Exercise details » In the data below, the answer is the run of lines from the line containing "#34=DIRECTION('',(0.,1.,0.));" through the line containing "#80=ORIENTED_EDGE('',*,*,#32,.T.);", both included; print it exactly and nothing else.

-------- Listed entries

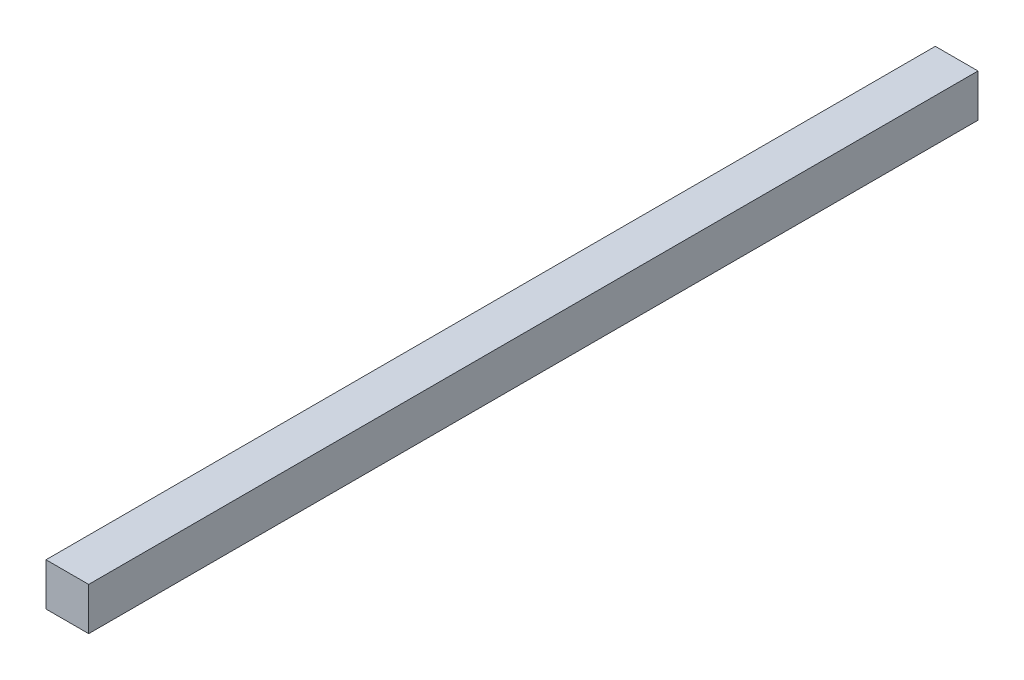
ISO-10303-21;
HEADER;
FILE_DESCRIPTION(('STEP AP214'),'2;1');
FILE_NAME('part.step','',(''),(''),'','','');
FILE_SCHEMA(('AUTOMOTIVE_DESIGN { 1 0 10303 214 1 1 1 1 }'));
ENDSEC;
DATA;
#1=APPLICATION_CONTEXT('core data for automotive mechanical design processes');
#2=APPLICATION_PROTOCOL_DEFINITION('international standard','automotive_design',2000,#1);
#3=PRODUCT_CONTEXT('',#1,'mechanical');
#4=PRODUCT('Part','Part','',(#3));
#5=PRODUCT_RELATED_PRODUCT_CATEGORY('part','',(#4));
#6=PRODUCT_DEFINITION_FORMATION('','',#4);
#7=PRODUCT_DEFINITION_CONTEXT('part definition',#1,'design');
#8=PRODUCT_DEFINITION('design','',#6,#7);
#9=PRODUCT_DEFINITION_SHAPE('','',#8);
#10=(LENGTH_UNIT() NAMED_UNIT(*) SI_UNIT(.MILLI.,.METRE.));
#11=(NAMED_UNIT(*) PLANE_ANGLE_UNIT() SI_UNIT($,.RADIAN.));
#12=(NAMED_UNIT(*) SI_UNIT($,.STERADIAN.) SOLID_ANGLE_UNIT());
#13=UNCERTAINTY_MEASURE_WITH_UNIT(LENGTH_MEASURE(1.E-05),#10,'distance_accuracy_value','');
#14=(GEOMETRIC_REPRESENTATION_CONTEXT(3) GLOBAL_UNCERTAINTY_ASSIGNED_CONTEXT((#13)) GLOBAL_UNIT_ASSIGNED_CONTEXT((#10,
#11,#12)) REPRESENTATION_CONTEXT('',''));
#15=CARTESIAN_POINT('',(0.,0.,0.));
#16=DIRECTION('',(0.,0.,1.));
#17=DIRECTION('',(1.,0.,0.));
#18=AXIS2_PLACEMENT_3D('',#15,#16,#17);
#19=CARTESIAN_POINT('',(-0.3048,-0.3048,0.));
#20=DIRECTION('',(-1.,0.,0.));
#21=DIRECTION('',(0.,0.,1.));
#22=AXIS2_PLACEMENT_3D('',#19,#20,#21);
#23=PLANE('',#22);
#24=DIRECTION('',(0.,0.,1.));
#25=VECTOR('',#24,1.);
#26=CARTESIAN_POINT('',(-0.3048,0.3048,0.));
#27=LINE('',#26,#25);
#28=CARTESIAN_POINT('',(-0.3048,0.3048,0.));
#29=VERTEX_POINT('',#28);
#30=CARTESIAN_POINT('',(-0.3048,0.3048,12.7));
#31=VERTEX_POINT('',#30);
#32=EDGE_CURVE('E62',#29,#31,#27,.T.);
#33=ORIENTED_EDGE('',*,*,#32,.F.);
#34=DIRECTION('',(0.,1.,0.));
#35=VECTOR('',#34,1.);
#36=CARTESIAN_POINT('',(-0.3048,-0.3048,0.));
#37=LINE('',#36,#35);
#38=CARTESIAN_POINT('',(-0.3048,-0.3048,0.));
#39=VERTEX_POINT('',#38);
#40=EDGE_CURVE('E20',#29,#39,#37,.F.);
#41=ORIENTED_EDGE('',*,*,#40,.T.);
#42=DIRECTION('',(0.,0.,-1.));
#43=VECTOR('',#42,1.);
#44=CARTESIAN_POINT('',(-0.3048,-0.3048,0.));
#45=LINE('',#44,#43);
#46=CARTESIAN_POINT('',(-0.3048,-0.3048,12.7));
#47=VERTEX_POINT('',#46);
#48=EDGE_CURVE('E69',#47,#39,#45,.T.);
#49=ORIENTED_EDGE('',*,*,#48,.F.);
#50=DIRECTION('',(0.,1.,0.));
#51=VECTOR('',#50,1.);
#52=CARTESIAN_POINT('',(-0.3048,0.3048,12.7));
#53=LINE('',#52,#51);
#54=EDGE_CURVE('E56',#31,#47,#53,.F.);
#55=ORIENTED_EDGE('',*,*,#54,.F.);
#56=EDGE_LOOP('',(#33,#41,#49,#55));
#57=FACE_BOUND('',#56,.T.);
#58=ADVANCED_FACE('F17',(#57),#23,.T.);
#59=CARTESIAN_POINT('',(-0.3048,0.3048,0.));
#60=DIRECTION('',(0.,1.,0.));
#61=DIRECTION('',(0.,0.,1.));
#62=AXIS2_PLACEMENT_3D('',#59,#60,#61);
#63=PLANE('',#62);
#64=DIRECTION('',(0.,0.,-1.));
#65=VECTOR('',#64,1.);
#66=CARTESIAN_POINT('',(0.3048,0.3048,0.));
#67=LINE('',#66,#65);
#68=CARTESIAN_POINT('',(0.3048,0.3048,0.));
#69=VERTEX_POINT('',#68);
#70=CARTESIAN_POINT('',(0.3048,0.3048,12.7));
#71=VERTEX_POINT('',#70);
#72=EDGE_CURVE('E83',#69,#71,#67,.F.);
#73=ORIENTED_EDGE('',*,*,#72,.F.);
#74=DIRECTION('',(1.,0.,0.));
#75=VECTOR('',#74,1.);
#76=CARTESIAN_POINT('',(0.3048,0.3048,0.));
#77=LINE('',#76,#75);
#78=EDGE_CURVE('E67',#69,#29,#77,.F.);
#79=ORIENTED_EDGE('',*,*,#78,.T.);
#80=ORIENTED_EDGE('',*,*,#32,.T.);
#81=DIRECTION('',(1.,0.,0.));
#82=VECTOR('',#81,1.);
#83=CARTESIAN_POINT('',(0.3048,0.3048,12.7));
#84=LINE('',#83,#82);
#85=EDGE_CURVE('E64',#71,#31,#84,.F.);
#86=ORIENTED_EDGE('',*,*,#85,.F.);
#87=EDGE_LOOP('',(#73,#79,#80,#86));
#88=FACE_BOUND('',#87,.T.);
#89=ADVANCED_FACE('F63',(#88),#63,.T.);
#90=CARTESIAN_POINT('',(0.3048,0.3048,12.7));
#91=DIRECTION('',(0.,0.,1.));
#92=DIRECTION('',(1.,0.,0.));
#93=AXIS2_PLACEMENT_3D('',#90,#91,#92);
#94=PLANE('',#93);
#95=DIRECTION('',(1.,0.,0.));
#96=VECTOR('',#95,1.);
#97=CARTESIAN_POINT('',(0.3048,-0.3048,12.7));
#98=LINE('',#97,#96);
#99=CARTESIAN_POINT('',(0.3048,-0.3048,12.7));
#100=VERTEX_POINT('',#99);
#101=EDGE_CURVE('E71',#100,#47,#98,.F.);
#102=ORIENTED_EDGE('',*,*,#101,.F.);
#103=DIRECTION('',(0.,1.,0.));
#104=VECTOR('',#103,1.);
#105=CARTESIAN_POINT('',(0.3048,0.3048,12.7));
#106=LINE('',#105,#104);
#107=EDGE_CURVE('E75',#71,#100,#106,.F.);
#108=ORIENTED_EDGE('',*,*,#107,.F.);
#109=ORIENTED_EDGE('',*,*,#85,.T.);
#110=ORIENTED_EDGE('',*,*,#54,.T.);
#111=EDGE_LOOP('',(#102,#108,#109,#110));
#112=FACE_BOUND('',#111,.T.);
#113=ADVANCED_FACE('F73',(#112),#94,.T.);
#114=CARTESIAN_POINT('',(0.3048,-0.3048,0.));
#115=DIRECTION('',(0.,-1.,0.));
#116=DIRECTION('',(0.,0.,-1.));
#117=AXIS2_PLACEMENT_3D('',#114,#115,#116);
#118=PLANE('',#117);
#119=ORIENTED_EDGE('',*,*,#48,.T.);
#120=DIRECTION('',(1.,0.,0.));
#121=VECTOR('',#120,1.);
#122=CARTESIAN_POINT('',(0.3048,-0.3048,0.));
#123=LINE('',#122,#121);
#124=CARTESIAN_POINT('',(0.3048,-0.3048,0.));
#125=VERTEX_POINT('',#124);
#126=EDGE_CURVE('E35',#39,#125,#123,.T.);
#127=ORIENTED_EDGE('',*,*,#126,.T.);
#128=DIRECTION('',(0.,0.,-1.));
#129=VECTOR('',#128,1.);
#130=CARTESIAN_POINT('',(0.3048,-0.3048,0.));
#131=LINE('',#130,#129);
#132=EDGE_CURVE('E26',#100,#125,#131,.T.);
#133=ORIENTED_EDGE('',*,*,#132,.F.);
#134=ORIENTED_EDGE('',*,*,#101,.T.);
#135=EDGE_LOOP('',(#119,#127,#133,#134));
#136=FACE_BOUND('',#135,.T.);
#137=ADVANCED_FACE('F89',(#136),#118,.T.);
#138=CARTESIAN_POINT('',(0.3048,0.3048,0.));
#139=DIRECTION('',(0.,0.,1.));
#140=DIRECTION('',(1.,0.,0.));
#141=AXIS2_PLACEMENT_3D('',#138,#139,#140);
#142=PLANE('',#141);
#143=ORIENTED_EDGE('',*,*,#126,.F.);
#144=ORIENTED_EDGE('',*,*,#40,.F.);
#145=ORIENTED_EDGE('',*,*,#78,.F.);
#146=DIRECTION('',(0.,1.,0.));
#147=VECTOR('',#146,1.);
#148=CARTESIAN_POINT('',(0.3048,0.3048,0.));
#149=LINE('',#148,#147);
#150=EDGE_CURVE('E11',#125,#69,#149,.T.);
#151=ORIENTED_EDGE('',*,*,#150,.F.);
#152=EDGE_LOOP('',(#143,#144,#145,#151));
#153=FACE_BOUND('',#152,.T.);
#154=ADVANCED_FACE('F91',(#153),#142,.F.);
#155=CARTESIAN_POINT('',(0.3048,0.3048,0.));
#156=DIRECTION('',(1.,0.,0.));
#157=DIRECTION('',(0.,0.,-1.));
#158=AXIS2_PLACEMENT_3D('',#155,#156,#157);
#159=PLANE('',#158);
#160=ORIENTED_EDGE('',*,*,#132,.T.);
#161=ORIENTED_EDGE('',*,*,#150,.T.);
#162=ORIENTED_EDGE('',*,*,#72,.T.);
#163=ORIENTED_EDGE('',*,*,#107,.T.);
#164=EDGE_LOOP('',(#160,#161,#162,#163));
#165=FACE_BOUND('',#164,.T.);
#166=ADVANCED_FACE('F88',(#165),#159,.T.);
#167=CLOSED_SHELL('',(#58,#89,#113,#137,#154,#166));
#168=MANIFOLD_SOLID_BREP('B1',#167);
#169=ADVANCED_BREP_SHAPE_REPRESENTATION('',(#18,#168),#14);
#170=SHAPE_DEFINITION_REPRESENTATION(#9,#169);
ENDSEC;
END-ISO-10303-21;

----------------

Solution to this task »
#34=DIRECTION('',(0.,1.,0.));
#35=VECTOR('',#34,1.);
#36=CARTESIAN_POINT('',(-0.3048,-0.3048,0.));
#37=LINE('',#36,#35);
#38=CARTESIAN_POINT('',(-0.3048,-0.3048,0.));
#39=VERTEX_POINT('',#38);
#40=EDGE_CURVE('E20',#29,#39,#37,.F.);
#41=ORIENTED_EDGE('',*,*,#40,.T.);
#42=DIRECTION('',(0.,0.,-1.));
#43=VECTOR('',#42,1.);
#44=CARTESIAN_POINT('',(-0.3048,-0.3048,0.));
#45=LINE('',#44,#43);
#46=CARTESIAN_POINT('',(-0.3048,-0.3048,12.7));
#47=VERTEX_POINT('',#46);
#48=EDGE_CURVE('E69',#47,#39,#45,.T.);
#49=ORIENTED_EDGE('',*,*,#48,.F.);
#50=DIRECTION('',(0.,1.,0.));
#51=VECTOR('',#50,1.);
#52=CARTESIAN_POINT('',(-0.3048,0.3048,12.7));
#53=LINE('',#52,#51);
#54=EDGE_CURVE('E56',#31,#47,#53,.F.);
#55=ORIENTED_EDGE('',*,*,#54,.F.);
#56=EDGE_LOOP('',(#33,#41,#49,#55));
#57=FACE_BOUND('',#56,.T.);
#58=ADVANCED_FACE('F17',(#57),#23,.T.);
#59=CARTESIAN_POINT('',(-0.3048,0.3048,0.));
#60=DIRECTION('',(0.,1.,0.));
#61=DIRECTION('',(0.,0.,1.));
#62=AXIS2_PLACEMENT_3D('',#59,#60,#61);
#63=PLANE('',#62);
#64=DIRECTION('',(0.,0.,-1.));
#65=VECTOR('',#64,1.);
#66=CARTESIAN_POINT('',(0.3048,0.3048,0.));
#67=LINE('',#66,#65);
#68=CARTESIAN_POINT('',(0.3048,0.3048,0.));
#69=VERTEX_POINT('',#68);
#70=CARTESIAN_POINT('',(0.3048,0.3048,12.7));
#71=VERTEX_POINT('',#70);
#72=EDGE_CURVE('E83',#69,#71,#67,.F.);
#73=ORIENTED_EDGE('',*,*,#72,.F.);
#74=DIRECTION('',(1.,0.,0.));
#75=VECTOR('',#74,1.);
#76=CARTESIAN_POINT('',(0.3048,0.3048,0.));
#77=LINE('',#76,#75);
#78=EDGE_CURVE('E67',#69,#29,#77,.F.);
#79=ORIENTED_EDGE('',*,*,#78,.T.);
#80=ORIENTED_EDGE('',*,*,#32,.T.);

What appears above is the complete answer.